-- WORK ORDER --
Restate word for word the entries below, starting with the line with "#120=LINE('',#119,#118);" and continuing through the line with "#138=PLANE('',#137);". Include both of those lines and no others.

-- DATA FOR PROCESSING --
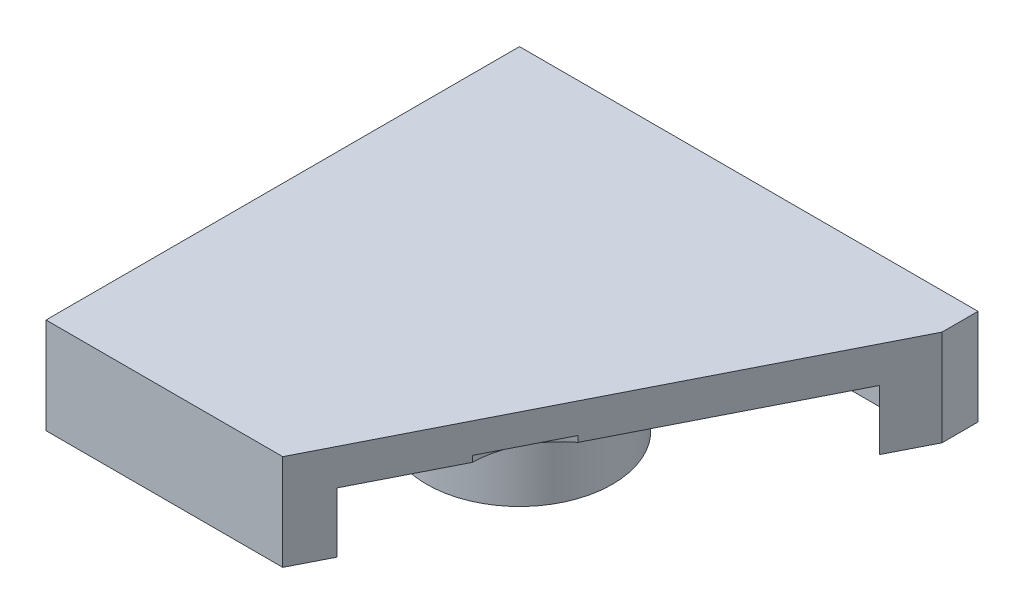
ISO-10303-21;
HEADER;
FILE_DESCRIPTION(('STEP AP214'),'2;1');
FILE_NAME('part.step','',(''),(''),'','','');
FILE_SCHEMA(('AUTOMOTIVE_DESIGN { 1 0 10303 214 1 1 1 1 }'));
ENDSEC;
DATA;
#1=APPLICATION_CONTEXT('core data for automotive mechanical design processes');
#2=APPLICATION_PROTOCOL_DEFINITION('international standard','automotive_design',2000,#1);
#3=PRODUCT_CONTEXT('',#1,'mechanical');
#4=PRODUCT('Part','Part','',(#3));
#5=PRODUCT_RELATED_PRODUCT_CATEGORY('part','',(#4));
#6=PRODUCT_DEFINITION_FORMATION('','',#4);
#7=PRODUCT_DEFINITION_CONTEXT('part definition',#1,'design');
#8=PRODUCT_DEFINITION('design','',#6,#7);
#9=PRODUCT_DEFINITION_SHAPE('','',#8);
#10=(LENGTH_UNIT() NAMED_UNIT(*) SI_UNIT(.MILLI.,.METRE.));
#11=(NAMED_UNIT(*) PLANE_ANGLE_UNIT() SI_UNIT($,.RADIAN.));
#12=(NAMED_UNIT(*) SI_UNIT($,.STERADIAN.) SOLID_ANGLE_UNIT());
#13=UNCERTAINTY_MEASURE_WITH_UNIT(LENGTH_MEASURE(1.E-05),#10,'distance_accuracy_value','');
#14=(GEOMETRIC_REPRESENTATION_CONTEXT(3) GLOBAL_UNCERTAINTY_ASSIGNED_CONTEXT((#13)) GLOBAL_UNIT_ASSIGNED_CONTEXT((#10,
#11,#12)) REPRESENTATION_CONTEXT('',''));
#15=CARTESIAN_POINT('',(0.,0.,0.));
#16=DIRECTION('',(0.,0.,1.));
#17=DIRECTION('',(1.,0.,0.));
#18=AXIS2_PLACEMENT_3D('',#15,#16,#17);
#19=CARTESIAN_POINT('',(0.681967213114738,0.,7.9));
#20=DIRECTION('',(0.,1.,0.));
#21=DIRECTION('',(0.,0.,1.));
#22=AXIS2_PLACEMENT_3D('',#19,#20,#21);
#23=PLANE('',#22);
#24=DIRECTION('',(1.,0.,0.));
#25=VECTOR('',#24,1.);
#26=CARTESIAN_POINT('',(0.681967213114738,0.,-7.9));
#27=LINE('',#26,#25);
#28=CARTESIAN_POINT('',(0.681967213114738,0.,-7.9));
#29=VERTEX_POINT('',#28);
#30=CARTESIAN_POINT('',(15.9819672131147,0.,-7.9));
#31=VERTEX_POINT('',#30);
#32=EDGE_CURVE('E220',#29,#31,#27,.T.);
#33=ORIENTED_EDGE('',*,*,#32,.T.);
#34=DIRECTION('',(0.,0.,-1.));
#35=VECTOR('',#34,1.);
#36=CARTESIAN_POINT('',(15.9819672131147,0.,-6.7));
#37=LINE('',#36,#35);
#38=CARTESIAN_POINT('',(15.9819672131147,0.,-6.7));
#39=VERTEX_POINT('',#38);
#40=EDGE_CURVE('E156',#39,#31,#37,.T.);
#41=ORIENTED_EDGE('',*,*,#40,.F.);
#42=DIRECTION('',(0.452094425934652,0.,-0.8919700836008));
#43=VECTOR('',#42,1.);
#44=CARTESIAN_POINT('',(8.74651880010872,0.,7.57534416620106));
#45=LINE('',#44,#43);
#46=CARTESIAN_POINT('',(15.2819672131147,0.,-5.31891891891892));
#47=VERTEX_POINT('',#46);
#48=EDGE_CURVE('E148',#47,#39,#45,.T.);
#49=ORIENTED_EDGE('',*,*,#48,.F.);
#50=DIRECTION('',(0.,0.,-1.));
#51=VECTOR('',#50,1.);
#52=CARTESIAN_POINT('',(15.2819672131147,0.,7.9));
#53=LINE('',#52,#51);
#54=CARTESIAN_POINT('',(15.2819672131147,0.,-6.7));
#55=VERTEX_POINT('',#54);
#56=EDGE_CURVE('E197',#47,#55,#53,.T.);
#57=ORIENTED_EDGE('',*,*,#56,.T.);
#58=DIRECTION('',(1.,0.,0.));
#59=VECTOR('',#58,1.);
#60=CARTESIAN_POINT('',(0.,0.,-6.7));
#61=LINE('',#60,#59);
#62=CARTESIAN_POINT('',(1.88196721311474,0.,-6.7));
#63=VERTEX_POINT('',#62);
#64=EDGE_CURVE('E183',#63,#55,#61,.T.);
#65=ORIENTED_EDGE('',*,*,#64,.F.);
#66=DIRECTION('',(0.,0.,-1.));
#67=VECTOR('',#66,1.);
#68=CARTESIAN_POINT('',(1.88196721311474,0.,7.9));
#69=LINE('',#68,#67);
#70=CARTESIAN_POINT('',(1.88196721311474,0.,6.7));
#71=VERTEX_POINT('',#70);
#72=EDGE_CURVE('E200',#71,#63,#69,.T.);
#73=ORIENTED_EDGE('',*,*,#72,.F.);
#74=DIRECTION('',(1.,0.,0.));
#75=VECTOR('',#74,1.);
#76=CARTESIAN_POINT('',(0.,0.,6.7));
#77=LINE('',#76,#75);
#78=CARTESIAN_POINT('',(9.19018639119693,0.,6.7));
#79=VERTEX_POINT('',#78);
#80=EDGE_CURVE('E186',#71,#79,#77,.T.);
#81=ORIENTED_EDGE('',*,*,#80,.T.);
#82=CARTESIAN_POINT('',(8.58196721311474,0.,7.9));
#83=VERTEX_POINT('',#82);
#84=EDGE_CURVE('E66',#83,#79,#45,.T.);
#85=ORIENTED_EDGE('',*,*,#84,.F.);
#86=DIRECTION('',(1.,0.,0.));
#87=VECTOR('',#86,1.);
#88=CARTESIAN_POINT('',(0.681967213114738,0.,7.9));
#89=LINE('',#88,#87);
#90=CARTESIAN_POINT('',(0.681967213114738,0.,7.9));
#91=VERTEX_POINT('',#90);
#92=EDGE_CURVE('E211',#91,#83,#89,.T.);
#93=ORIENTED_EDGE('',*,*,#92,.F.);
#94=DIRECTION('',(0.,0.,-1.));
#95=VECTOR('',#94,1.);
#96=CARTESIAN_POINT('',(0.681967213114738,0.,7.9));
#97=LINE('',#96,#95);
#98=EDGE_CURVE('E226',#91,#29,#97,.T.);
#99=ORIENTED_EDGE('',*,*,#98,.T.);
#100=EDGE_LOOP('',(#33,#41,#49,#57,#65,#73,#81,#85,#93,#99));
#101=FACE_BOUND('',#100,.T.);
#102=ADVANCED_FACE('F45',(#101),#23,.F.);
#103=CARTESIAN_POINT('',(0.681967213114738,0.,7.9));
#104=DIRECTION('',(1.,0.,0.));
#105=DIRECTION('',(0.,0.,-1.));
#106=AXIS2_PLACEMENT_3D('',#103,#104,#105);
#107=PLANE('',#106);
#108=DIRECTION('',(0.,-1.,0.));
#109=VECTOR('',#108,1.);
#110=CARTESIAN_POINT('',(0.681967213114738,0.,-7.9));
#111=LINE('',#110,#109);
#112=CARTESIAN_POINT('',(0.681967213114738,3.2,-7.9));
#113=VERTEX_POINT('',#112);
#114=EDGE_CURVE('E202',#113,#29,#111,.T.);
#115=ORIENTED_EDGE('',*,*,#114,.T.);
#116=ORIENTED_EDGE('',*,*,#98,.F.);
#117=DIRECTION('',(0.,-1.,0.));
#118=VECTOR('',#117,1.);
#119=CARTESIAN_POINT('',(0.681967213114738,0.,7.9));
#120=LINE('',#119,#118);
#121=CARTESIAN_POINT('',(0.681967213114738,3.2,7.9));
#122=VERTEX_POINT('',#121);
#123=EDGE_CURVE('E208',#122,#91,#120,.T.);
#124=ORIENTED_EDGE('',*,*,#123,.F.);
#125=DIRECTION('',(0.,0.,-1.));
#126=VECTOR('',#125,1.);
#127=CARTESIAN_POINT('',(0.681967213114738,3.2,7.9));
#128=LINE('',#127,#126);
#129=EDGE_CURVE('E217',#122,#113,#128,.T.);
#130=ORIENTED_EDGE('',*,*,#129,.T.);
#131=EDGE_LOOP('',(#115,#116,#124,#130));
#132=FACE_BOUND('',#131,.T.);
#133=ADVANCED_FACE('F47',(#132),#107,.F.);
#134=CARTESIAN_POINT('',(0.681967213114738,3.2,7.9));
#135=DIRECTION('',(0.,-1.,0.));
#136=DIRECTION('',(1.,0.,0.));
#137=AXIS2_PLACEMENT_3D('',#134,#135,#136);
#138=PLANE('',#137);
#139=DIRECTION('',(0.452094425934655,0.,-0.891970083600798));
#140=VECTOR('',#139,1.);
#141=CARTESIAN_POINT('',(8.74651880010872,3.2,7.57534416620106));
#142=LINE('',#141,#140);
#143=CARTESIAN_POINT('',(8.58196721311474,3.2,7.9));
#144=VERTEX_POINT('',#143);
#145=CARTESIAN_POINT('',(15.9819672131147,3.2,-6.7));
#146=VERTEX_POINT('',#145);
#147=EDGE_CURVE('E152',#144,#146,#142,.T.);
#148=ORIENTED_EDGE('',*,*,#147,.T.);
#149=DIRECTION('',(0.,0.,-1.));
#150=VECTOR('',#149,1.);
#151=CARTESIAN_POINT('',(15.9819672131147,3.2,-6.7));
#152=LINE('',#151,#150);
#153=CARTESIAN_POINT('',(15.9819672131147,3.2,-7.9));
#154=VERTEX_POINT('',#153);
#155=EDGE_CURVE('E155',#146,#154,#152,.T.);
#156=ORIENTED_EDGE('',*,*,#155,.T.);
#157=DIRECTION('',(-1.,0.,0.));
#158=VECTOR('',#157,1.);
#159=CARTESIAN_POINT('',(0.681967213114738,3.2,-7.9));
#160=LINE('',#159,#158);
#161=EDGE_CURVE('E212',#154,#113,#160,.T.);
#162=ORIENTED_EDGE('',*,*,#161,.T.);
#163=ORIENTED_EDGE('',*,*,#129,.F.);
#164=DIRECTION('',(-1.,0.,0.));
#165=VECTOR('',#164,1.);
#166=CARTESIAN_POINT('',(0.681967213114738,3.2,7.9));
#167=LINE('',#166,#165);
#168=EDGE_CURVE('E215',#144,#122,#167,.T.);
#169=ORIENTED_EDGE('',*,*,#168,.F.);
#170=EDGE_LOOP('',(#148,#156,#162,#163,#169));
#171=FACE_BOUND('',#170,.T.);
#172=ADVANCED_FACE('F268',(#171),#138,.F.);
#173=CARTESIAN_POINT('',(0.,0.,7.9));
#174=DIRECTION('',(0.,0.,-1.));
#175=DIRECTION('',(-1.,0.,0.));
#176=AXIS2_PLACEMENT_3D('',#173,#174,#175);
#177=PLANE('',#176);
#178=ORIENTED_EDGE('',*,*,#92,.T.);
#179=DIRECTION('',(0.,-1.,0.));
#180=VECTOR('',#179,1.);
#181=CARTESIAN_POINT('',(8.58196721311474,3.2,7.9));
#182=LINE('',#181,#180);
#183=EDGE_CURVE('E162',#144,#83,#182,.T.);
#184=ORIENTED_EDGE('',*,*,#183,.F.);
#185=ORIENTED_EDGE('',*,*,#168,.T.);
#186=ORIENTED_EDGE('',*,*,#123,.T.);
#187=EDGE_LOOP('',(#178,#184,#185,#186));
#188=FACE_BOUND('',#187,.T.);
#189=ADVANCED_FACE('F273',(#188),#177,.F.);
#190=CARTESIAN_POINT('',(0.,0.,-7.9));
#191=DIRECTION('',(0.,0.,-1.));
#192=DIRECTION('',(-1.,0.,0.));
#193=AXIS2_PLACEMENT_3D('',#190,#191,#192);
#194=PLANE('',#193);
#195=DIRECTION('',(0.,-1.,0.));
#196=VECTOR('',#195,1.);
#197=CARTESIAN_POINT('',(15.9819672131147,3.2,-7.9));
#198=LINE('',#197,#196);
#199=EDGE_CURVE('E165',#154,#31,#198,.T.);
#200=ORIENTED_EDGE('',*,*,#199,.T.);
#201=ORIENTED_EDGE('',*,*,#32,.F.);
#202=ORIENTED_EDGE('',*,*,#114,.F.);
#203=ORIENTED_EDGE('',*,*,#161,.F.);
#204=EDGE_LOOP('',(#200,#201,#202,#203));
#205=FACE_BOUND('',#204,.T.);
#206=ADVANCED_FACE('F275',(#205),#194,.T.);
#207=CARTESIAN_POINT('',(1.88196721311474,0.,7.9));
#208=DIRECTION('',(1.,0.,0.));
#209=DIRECTION('',(0.,0.,-1.));
#210=AXIS2_PLACEMENT_3D('',#207,#208,#209);
#211=PLANE('',#210);
#212=DIRECTION('',(0.,-1.,0.));
#213=VECTOR('',#212,1.);
#214=CARTESIAN_POINT('',(1.88196721311474,0.,-6.7));
#215=LINE('',#214,#213);
#216=CARTESIAN_POINT('',(1.88196721311474,2.,-6.7));
#217=VERTEX_POINT('',#216);
#218=EDGE_CURVE('E180',#217,#63,#215,.T.);
#219=ORIENTED_EDGE('',*,*,#218,.F.);
#220=DIRECTION('',(0.,0.,-1.));
#221=VECTOR('',#220,1.);
#222=CARTESIAN_POINT('',(1.88196721311474,2.,7.9));
#223=LINE('',#222,#221);
#224=CARTESIAN_POINT('',(1.88196721311474,2.,6.7));
#225=VERTEX_POINT('',#224);
#226=EDGE_CURVE('E188',#225,#217,#223,.T.);
#227=ORIENTED_EDGE('',*,*,#226,.F.);
#228=DIRECTION('',(0.,-1.,0.));
#229=VECTOR('',#228,1.);
#230=CARTESIAN_POINT('',(1.88196721311474,0.,6.7));
#231=LINE('',#230,#229);
#232=EDGE_CURVE('E184',#225,#71,#231,.T.);
#233=ORIENTED_EDGE('',*,*,#232,.T.);
#234=ORIENTED_EDGE('',*,*,#72,.T.);
#235=EDGE_LOOP('',(#219,#227,#233,#234));
#236=FACE_BOUND('',#235,.T.);
#237=ADVANCED_FACE('F278',(#236),#211,.T.);
#238=CARTESIAN_POINT('',(15.2819672131147,0.,7.9));
#239=DIRECTION('',(-1.,0.,0.));
#240=DIRECTION('',(0.,0.,1.));
#241=AXIS2_PLACEMENT_3D('',#238,#239,#240);
#242=PLANE('',#241);
#243=DIRECTION('',(0.,-1.,0.));
#244=VECTOR('',#243,1.);
#245=CARTESIAN_POINT('',(15.2819672131147,0.,-5.31891891891892));
#246=LINE('',#245,#244);
#247=CARTESIAN_POINT('',(15.2819672131147,2.,-5.31891891891892));
#248=VERTEX_POINT('',#247);
#249=EDGE_CURVE('E171',#248,#47,#246,.T.);
#250=ORIENTED_EDGE('',*,*,#249,.F.);
#251=DIRECTION('',(0.,0.,-1.));
#252=VECTOR('',#251,1.);
#253=CARTESIAN_POINT('',(15.2819672131147,2.,7.9));
#254=LINE('',#253,#252);
#255=CARTESIAN_POINT('',(15.2819672131147,2.,-6.7));
#256=VERTEX_POINT('',#255);
#257=EDGE_CURVE('E191',#248,#256,#254,.T.);
#258=ORIENTED_EDGE('',*,*,#257,.T.);
#259=DIRECTION('',(0.,1.,0.));
#260=VECTOR('',#259,1.);
#261=CARTESIAN_POINT('',(15.2819672131147,0.,-6.7));
#262=LINE('',#261,#260);
#263=EDGE_CURVE('E194',#55,#256,#262,.T.);
#264=ORIENTED_EDGE('',*,*,#263,.F.);
#265=ORIENTED_EDGE('',*,*,#56,.F.);
#266=EDGE_LOOP('',(#250,#258,#264,#265));
#267=FACE_BOUND('',#266,.T.);
#268=ADVANCED_FACE('F291',(#267),#242,.T.);
#269=CARTESIAN_POINT('',(0.681967213114738,2.,7.9));
#270=DIRECTION('',(0.,-1.,0.));
#271=DIRECTION('',(1.,0.,0.));
#272=AXIS2_PLACEMENT_3D('',#269,#270,#271);
#273=PLANE('',#272);
#274=CARTESIAN_POINT('',(13.7107424714246,2.,3.74883214762885));
#275=DIRECTION('',(0.,-1.,0.));
#276=DIRECTION('',(1.,0.,0.));
#277=AXIS2_PLACEMENT_3D('',#274,#275,#276);
#278=CIRCLE('',#277,3.);
#279=CARTESIAN_POINT('',(10.7111535048734,2.,3.69917299193567));
#280=VERTEX_POINT('',#279);
#281=CARTESIAN_POINT('',(11.8972711267549,2.,1.35899498119637));
#282=VERTEX_POINT('',#281);
#283=EDGE_CURVE('E146',#280,#282,#278,.T.);
#284=ORIENTED_EDGE('',*,*,#283,.F.);
#285=DIRECTION('',(0.452094425934652,0.,-0.8919700836008));
#286=VECTOR('',#285,1.);
#287=CARTESIAN_POINT('',(6.9672911904214,2.,11.0857121528815));
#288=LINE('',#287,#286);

-- ANSWER SPACE --
#120=LINE('',#119,#118);
#121=CARTESIAN_POINT('',(0.681967213114738,3.2,7.9));
#122=VERTEX_POINT('',#121);
#123=EDGE_CURVE('E208',#122,#91,#120,.T.);
#124=ORIENTED_EDGE('',*,*,#123,.F.);
#125=DIRECTION('',(0.,0.,-1.));
#126=VECTOR('',#125,1.);
#127=CARTESIAN_POINT('',(0.681967213114738,3.2,7.9));
#128=LINE('',#127,#126);
#129=EDGE_CURVE('E217',#122,#113,#128,.T.);
#130=ORIENTED_EDGE('',*,*,#129,.T.);
#131=EDGE_LOOP('',(#115,#116,#124,#130));
#132=FACE_BOUND('',#131,.T.);
#133=ADVANCED_FACE('F47',(#132),#107,.F.);
#134=CARTESIAN_POINT('',(0.681967213114738,3.2,7.9));
#135=DIRECTION('',(0.,-1.,0.));
#136=DIRECTION('',(1.,0.,0.));
#137=AXIS2_PLACEMENT_3D('',#134,#135,#136);
#138=PLANE('',#137);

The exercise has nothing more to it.